WSJ: Plane’s Fuel Capacity Questioned as Colombia Identifies Crash VictimsFlight trajectory at limit of Avro RJ85’s listed range
Authorities suggested a fuel shortage may have caused the crash as questions emerged about the use of a relatively short-range aircraft to make the transcontinental trip between Santa Cruz, Bolivia and Medellín, Colombia.
The distance between the two cities, according to Google Earth, is about 1,845 miles. The Avro RJ85’s maximum range with a full tank of fuel is 1,842 miles, according to a fact sheet on Airliners.net.

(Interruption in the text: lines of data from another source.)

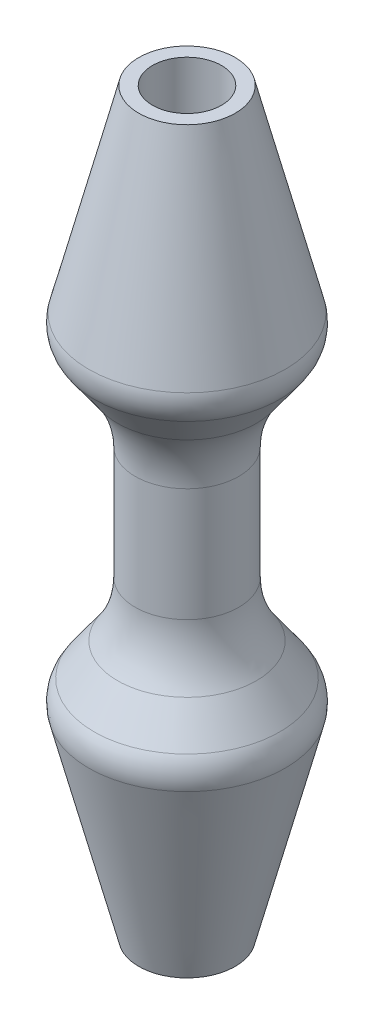
ISO-10303-21;
HEADER;
FILE_DESCRIPTION(('STEP AP214'),'2;1');
FILE_NAME('part.step','',(''),(''),'','','');
FILE_SCHEMA(('AUTOMOTIVE_DESIGN { 1 0 10303 214 1 1 1 1 }'));
ENDSEC;
DATA;
#1=APPLICATION_CONTEXT('core data for automotive mechanical design processes');
#2=APPLICATION_PROTOCOL_DEFINITION('international standard','automotive_design',2000,#1);
#3=PRODUCT_CONTEXT('',#1,'mechanical');
#4=PRODUCT('Part','Part','',(#3));
#5=PRODUCT_RELATED_PRODUCT_CATEGORY('part','',(#4));
#6=PRODUCT_DEFINITION_FORMATION('','',#4);
#7=PRODUCT_DEFINITION_CONTEXT('part definition',#1,'design');
#8=PRODUCT_DEFINITION('design','',#6,#7);
#9=PRODUCT_DEFINITION_SHAPE('','',#8);
#10=(LENGTH_UNIT() NAMED_UNIT(*) SI_UNIT(.MILLI.,.METRE.));
#11=(NAMED_UNIT(*) PLANE_ANGLE_UNIT() SI_UNIT($,.RADIAN.));
#12=(NAMED_UNIT(*) SI_UNIT($,.STERADIAN.) SOLID_ANGLE_UNIT());
#13=UNCERTAINTY_MEASURE_WITH_UNIT(LENGTH_MEASURE(1.E-05),#10,'distance_accuracy_value','');
#14=(GEOMETRIC_REPRESENTATION_CONTEXT(3) GLOBAL_UNCERTAINTY_ASSIGNED_CONTEXT((#13)) GLOBAL_UNIT_ASSIGNED_CONTEXT((#10,
#11,#12)) REPRESENTATION_CONTEXT('',''));
#15=CARTESIAN_POINT('',(0.,0.,0.));
#16=DIRECTION('',(0.,0.,1.));
#17=DIRECTION('',(1.,0.,0.));
#18=AXIS2_PLACEMENT_3D('',#15,#16,#17);
#19=CARTESIAN_POINT('',(0.,-4.5760973841928,0.));
#20=DIRECTION('',(0.,-1.,0.));
#21=DIRECTION('',(0.,0.,-1.));
#22=AXIS2_PLACEMENT_3D('',#19,#20,#21);
#23=TOROIDAL_SURFACE('',#22,12.6495085019331,8.1495085019331);
#24=CARTESIAN_POINT('',(0.,-4.5760973841928,0.));
#25=DIRECTION('',(0.,-1.,0.));
#26=DIRECTION('',(0.,0.,-1.));
#27=AXIS2_PLACEMENT_3D('',#24,#25,#26);
#28=CIRCLE('',#27,4.5);
#29=CARTESIAN_POINT('',(0.,-4.5760973841928,-4.5));
#30=VERTEX_POINT('',#29);
#31=EDGE_CURVE('E47',#30,#30,#28,.T.);
#32=ORIENTED_EDGE('',*,*,#31,.F.);
#33=EDGE_LOOP('',(#32));
#34=FACE_BOUND('',#33,.T.);
#35=CARTESIAN_POINT('',(0.,0.182825887896068,0.));
#36=DIRECTION('',(0.,-1.,0.));
#37=DIRECTION('',(0.,0.,-1.));
#38=AXIS2_PLACEMENT_3D('',#35,#36,#37);
#39=CIRCLE('',#38,6.03383483151595);
#40=CARTESIAN_POINT('',(0.,0.182825887896068,-6.03383483151595));
#41=VERTEX_POINT('',#40);
#42=EDGE_CURVE('E10',#41,#41,#39,.F.);
#43=ORIENTED_EDGE('',*,*,#42,.F.);
#44=EDGE_LOOP('',(#43));
#45=FACE_BOUND('',#44,.T.);
#46=ADVANCED_FACE('F39',(#34,#45),#23,.F.);
#47=CARTESIAN_POINT('',(0.,4.76414947373861,0.));
#48=DIRECTION('',(0.,1.,0.));
#49=DIRECTION('',(0.,0.,1.));
#50=AXIS2_PLACEMENT_3D('',#47,#48,#49);
#51=TOROIDAL_SURFACE('',#50,5.63382143786911,3.);
#52=CARTESIAN_POINT('',(0.,3.01229292768064,0.));
#53=DIRECTION('',(0.,-1.,0.));
#54=DIRECTION('',(0.,0.,-1.));
#55=AXIS2_PLACEMENT_3D('',#52,#53,#54);
#56=CIRCLE('',#55,8.06918560817996);
#57=CARTESIAN_POINT('',(0.,3.01229292768064,-8.06918560817996));
#58=VERTEX_POINT('',#57);
#59=EDGE_CURVE('E57',#58,#58,#56,.T.);
#60=ORIENTED_EDGE('',*,*,#59,.F.);
#61=EDGE_LOOP('',(#60));
#62=FACE_BOUND('',#61,.T.);
#63=CARTESIAN_POINT('',(0.,5.50367498162197,0.));
#64=DIRECTION('',(0.,1.,0.));
#65=DIRECTION('',(0.,0.,1.));
#66=AXIS2_PLACEMENT_3D('',#63,#64,#65);
#67=CIRCLE('',#66,8.54124332386878);
#68=CARTESIAN_POINT('',(0.,5.50367498162197,8.54124332386878));
#69=VERTEX_POINT('',#68);
#70=EDGE_CURVE('E52',#69,#69,#67,.T.);
#71=ORIENTED_EDGE('',*,*,#70,.F.);
#72=EDGE_LOOP('',(#71));
#73=FACE_BOUND('',#72,.T.);
#74=ADVANCED_FACE('F110',(#62,#73),#51,.T.);
#75=CARTESIAN_POINT('',(0.,22.5979958944993,0.));
#76=DIRECTION('',(0.,1.,0.));
#77=DIRECTION('',(0.,0.,1.));
#78=AXIS2_PLACEMENT_3D('',#75,#76,#77);
#79=PLANE('',#78);
#80=CARTESIAN_POINT('',(0.,22.5979958944993,0.));
#81=DIRECTION('',(0.,1.,0.));
#82=DIRECTION('',(0.,0.,1.));
#83=AXIS2_PLACEMENT_3D('',#80,#81,#82);
#84=CIRCLE('',#83,3.);
#85=CARTESIAN_POINT('',(0.,22.5979958944993,3.));
#86=VERTEX_POINT('',#85);
#87=EDGE_CURVE('E88',#86,#86,#84,.T.);
#88=ORIENTED_EDGE('',*,*,#87,.F.);
#89=EDGE_LOOP('',(#88));
#90=FACE_BOUND('',#89,.T.);
#91=CARTESIAN_POINT('',(0.,22.5979958944993,0.));
#92=DIRECTION('',(0.,-1.,0.));
#93=DIRECTION('',(0.,0.,-1.));
#94=AXIS2_PLACEMENT_3D('',#91,#92,#93);
#95=CIRCLE('',#94,4.19316903307146);
#96=CARTESIAN_POINT('',(0.,22.5979958944993,-4.19316903307146));
#97=VERTEX_POINT('',#96);
#98=EDGE_CURVE('E63',#97,#97,#95,.T.);
#99=ORIENTED_EDGE('',*,*,#98,.F.);
#100=EDGE_LOOP('',(#99));
#101=FACE_BOUND('',#100,.T.);
#102=ADVANCED_FACE('F106',(#90,#101),#79,.T.);
#103=CARTESIAN_POINT('',(0.,0.,0.));
#104=DIRECTION('',(0.,-1.,0.));
#105=DIRECTION('',(0.,0.,-1.));
#106=AXIS2_PLACEMENT_3D('',#103,#104,#105);
#107=CONICAL_SURFACE('',#106,9.94114612284268,0.249075921515313);
#108=ORIENTED_EDGE('',*,*,#70,.T.);
#109=EDGE_LOOP('',(#108));
#110=FACE_BOUND('',#109,.T.);
#111=ORIENTED_EDGE('',*,*,#98,.T.);
#112=EDGE_LOOP('',(#111));
#113=FACE_BOUND('',#112,.T.);
#114=ADVANCED_FACE('F109',(#110,#113),#107,.T.);
#115=CARTESIAN_POINT('',(0.,0.,0.));
#116=DIRECTION('',(0.,1.,0.));
#117=DIRECTION('',(0.,0.,1.));
#118=AXIS2_PLACEMENT_3D('',#115,#116,#117);
#119=CONICAL_SURFACE('',#118,5.90232073091279,0.623588704481849);
#120=ORIENTED_EDGE('',*,*,#42,.T.);
#121=EDGE_LOOP('',(#120));
#122=FACE_BOUND('',#121,.T.);
#123=ORIENTED_EDGE('',*,*,#59,.T.);
#124=EDGE_LOOP('',(#123));
#125=FACE_BOUND('',#124,.T.);
#126=ADVANCED_FACE('F115',(#122,#125),#119,.T.);
#127=CARTESIAN_POINT('',(0.,-9.5,0.));
#128=DIRECTION('',(0.,1.,0.));
#129=DIRECTION('',(0.,0.,1.));
#130=AXIS2_PLACEMENT_3D('',#127,#128,#129);
#131=CYLINDRICAL_SURFACE('',#130,4.5);
#132=ORIENTED_EDGE('',*,*,#31,.T.);
#133=EDGE_LOOP('',(#132));
#134=FACE_BOUND('',#133,.T.);
#135=CARTESIAN_POINT('',(0.,-14.4239026158072,0.));
#136=DIRECTION('',(0.,-1.,0.));
#137=DIRECTION('',(0.,0.,-1.));
#138=AXIS2_PLACEMENT_3D('',#135,#136,#137);
#139=CIRCLE('',#138,4.5);
#140=CARTESIAN_POINT('',(0.,-14.4239026158072,-4.5));
#141=VERTEX_POINT('',#140);
#142=EDGE_CURVE('E71',#141,#141,#139,.T.);
#143=ORIENTED_EDGE('',*,*,#142,.F.);
#144=EDGE_LOOP('',(#143));
#145=FACE_BOUND('',#144,.T.);
#146=ADVANCED_FACE('F121',(#134,#145),#131,.T.);
#147=CARTESIAN_POINT('',(0.,-14.4239026158072,0.));
#148=DIRECTION('',(0.,1.,0.));
#149=DIRECTION('',(0.,0.,-1.));
#150=AXIS2_PLACEMENT_3D('',#147,#148,#149);
#151=TOROIDAL_SURFACE('',#150,12.6495085019331,8.1495085019331);
#152=ORIENTED_EDGE('',*,*,#142,.T.);
#153=EDGE_LOOP('',(#152));
#154=FACE_BOUND('',#153,.T.);
#155=CARTESIAN_POINT('',(0.,-19.1828258878961,0.));
#156=DIRECTION('',(0.,-1.,0.));
#157=DIRECTION('',(0.,0.,-1.));
#158=AXIS2_PLACEMENT_3D('',#155,#156,#157);
#159=CIRCLE('',#158,6.03383483151595);
#160=CARTESIAN_POINT('',(0.,-19.1828258878961,-6.03383483151595));
#161=VERTEX_POINT('',#160);
#162=EDGE_CURVE('E67',#161,#161,#159,.F.);
#163=ORIENTED_EDGE('',*,*,#162,.T.);
#164=EDGE_LOOP('',(#163));
#165=FACE_BOUND('',#164,.T.);
#166=ADVANCED_FACE('F188',(#154,#165),#151,.F.);
#167=CARTESIAN_POINT('',(0.,-23.7641494737386,0.));
#168=DIRECTION('',(0.,-1.,0.));
#169=DIRECTION('',(0.,0.,1.));
#170=AXIS2_PLACEMENT_3D('',#167,#168,#169);
#171=TOROIDAL_SURFACE('',#170,5.63382143786911,3.);
#172=CARTESIAN_POINT('',(0.,-22.0122929276806,0.));
#173=DIRECTION('',(0.,-1.,0.));
#174=DIRECTION('',(0.,0.,-1.));
#175=AXIS2_PLACEMENT_3D('',#172,#173,#174);
#176=CIRCLE('',#175,8.06918560817996);
#177=CARTESIAN_POINT('',(0.,-22.0122929276806,-8.06918560817996));
#178=VERTEX_POINT('',#177);
#179=EDGE_CURVE('E79',#178,#178,#176,.T.);
#180=ORIENTED_EDGE('',*,*,#179,.T.);
#181=EDGE_LOOP('',(#180));
#182=FACE_BOUND('',#181,.T.);
#183=CARTESIAN_POINT('',(0.,-24.503674981622,0.));
#184=DIRECTION('',(0.,1.,0.));
#185=DIRECTION('',(0.,0.,1.));
#186=AXIS2_PLACEMENT_3D('',#183,#184,#185);
#187=CIRCLE('',#186,8.54124332386878);
#188=CARTESIAN_POINT('',(0.,-24.503674981622,8.54124332386878));
#189=VERTEX_POINT('',#188);
#190=EDGE_CURVE('E75',#189,#189,#187,.T.);
#191=ORIENTED_EDGE('',*,*,#190,.T.);
#192=EDGE_LOOP('',(#191));
#193=FACE_BOUND('',#192,.T.);
#194=ADVANCED_FACE('F162',(#182,#193),#171,.T.);
#195=CARTESIAN_POINT('',(0.,-41.5979958944993,0.));
#196=DIRECTION('',(0.,-1.,0.));
#197=DIRECTION('',(0.,0.,1.));
#198=AXIS2_PLACEMENT_3D('',#195,#196,#197);
#199=PLANE('',#198);
#200=CARTESIAN_POINT('',(0.,-41.5979958944992,0.));
#201=DIRECTION('',(0.,1.,0.));
#202=DIRECTION('',(0.,0.,1.));
#203=AXIS2_PLACEMENT_3D('',#200,#201,#202);
#204=CIRCLE('',#203,3.);
#205=CARTESIAN_POINT('',(0.,-41.5979958944992,3.));
#206=VERTEX_POINT('',#205);
#207=EDGE_CURVE('E87',#206,#206,#204,.T.);
#208=ORIENTED_EDGE('',*,*,#207,.T.);
#209=EDGE_LOOP('',(#208));
#210=FACE_BOUND('',#209,.T.);
#211=CARTESIAN_POINT('',(0.,-41.5979958944993,0.));
#212=DIRECTION('',(0.,-1.,0.));
#213=DIRECTION('',(0.,0.,-1.));
#214=AXIS2_PLACEMENT_3D('',#211,#212,#213);
#215=CIRCLE('',#214,4.19316903307146);
#216=CARTESIAN_POINT('',(0.,-41.5979958944993,-4.19316903307146));
#217=VERTEX_POINT('',#216);
#218=EDGE_CURVE('E83',#217,#217,#215,.T.);
#219=ORIENTED_EDGE('',*,*,#218,.T.);
#220=EDGE_LOOP('',(#219));
#221=FACE_BOUND('',#220,.T.);
#222=ADVANCED_FACE('F96',(#210,#221),#199,.T.);
#223=CARTESIAN_POINT('',(0.,-19.,0.));
#224=DIRECTION('',(0.,1.,0.));
#225=DIRECTION('',(0.,0.,-1.));
#226=AXIS2_PLACEMENT_3D('',#223,#224,#225);
#227=CONICAL_SURFACE('',#226,9.94114612284268,0.249075921515313);
#228=ORIENTED_EDGE('',*,*,#190,.F.);
#229=EDGE_LOOP('',(#228));
#230=FACE_BOUND('',#229,.T.);
#231=ORIENTED_EDGE('',*,*,#218,.F.);
#232=EDGE_LOOP('',(#231));
#233=FACE_BOUND('',#232,.T.);
#234=ADVANCED_FACE('F161',(#230,#233),#227,.T.);
#235=CARTESIAN_POINT('',(0.,-19.,0.));
#236=DIRECTION('',(0.,-1.,0.));
#237=DIRECTION('',(0.,0.,1.));
#238=AXIS2_PLACEMENT_3D('',#235,#236,#237);
#239=CONICAL_SURFACE('',#238,5.90232073091279,0.623588704481849);
#240=ORIENTED_EDGE('',*,*,#162,.F.);
#241=EDGE_LOOP('',(#240));
#242=FACE_BOUND('',#241,.T.);
#243=ORIENTED_EDGE('',*,*,#179,.F.);
#244=EDGE_LOOP('',(#243));
#245=FACE_BOUND('',#244,.T.);
#246=ADVANCED_FACE('F102',(#242,#245),#239,.T.);
#247=CARTESIAN_POINT('',(0.,-41.5979958944992,0.));
#248=DIRECTION('',(0.,1.,0.));
#249=DIRECTION('',(0.,0.,1.));
#250=AXIS2_PLACEMENT_3D('',#247,#248,#249);
#251=CYLINDRICAL_SURFACE('',#250,3.);
#252=ORIENTED_EDGE('',*,*,#207,.F.);
#253=EDGE_LOOP('',(#252));
#254=FACE_BOUND('',#253,.T.);
#255=ORIENTED_EDGE('',*,*,#87,.T.);
#256=EDGE_LOOP('',(#255));
#257=FACE_BOUND('',#256,.T.);
#258=ADVANCED_FACE('F99',(#254,#257),#251,.F.);
#259=CLOSED_SHELL('',(#46,#74,#102,#114,#126,#146,#166,#194,#222,#234,#246,#258));
#260=MANIFOLD_SOLID_BREP('B2',#259);
#261=ADVANCED_BREP_SHAPE_REPRESENTATION('',(#18,#260),#14);
#262=SHAPE_DEFINITION_REPRESENTATION(#9,#261);
ENDSEC;
END-ISO-10303-21;

Sabrina Martín at Panampost: Chavismo and Corruption? The Dark Past of LAMIA Airlines
According to reports from international media, the pilot of the downed plane, also appears to be the owner of the airline. It is highly unusual that the owner of an airline would also be piloting one of its aircraft.
Marca is also confirming this report, also suggesting that the downed plane was the only one of the company’s three that could fly, as the other two aircraft were being repaired at the time.
With all the mystery swirling around LAMIA many questions remain: Where was all that money going? Where were these supposed 12 aircraft that were already assembled and in the stage of certification and were obtained through the China-Venezuela agreement?
⚽️🇧🇷🎞 CONFIRMADO: El estremecedor audio del copiloto de Avianca que narra lo sucedido con el avión de #Chapecoense. pic.twitter.com/XnMuARWFF3
— Pipe Sierra (@PipeS_27) November 30, 2016
Rick Lee says
Probably more money that went in some left wing crook’s pocket instead of to buy airplanes.
Red Flowers says
Darwin Award nominee 2016. Always have enough fuel to get where you are going. Flight School day 1, lesson 1. Law of Gravity is always enforced sooner or later.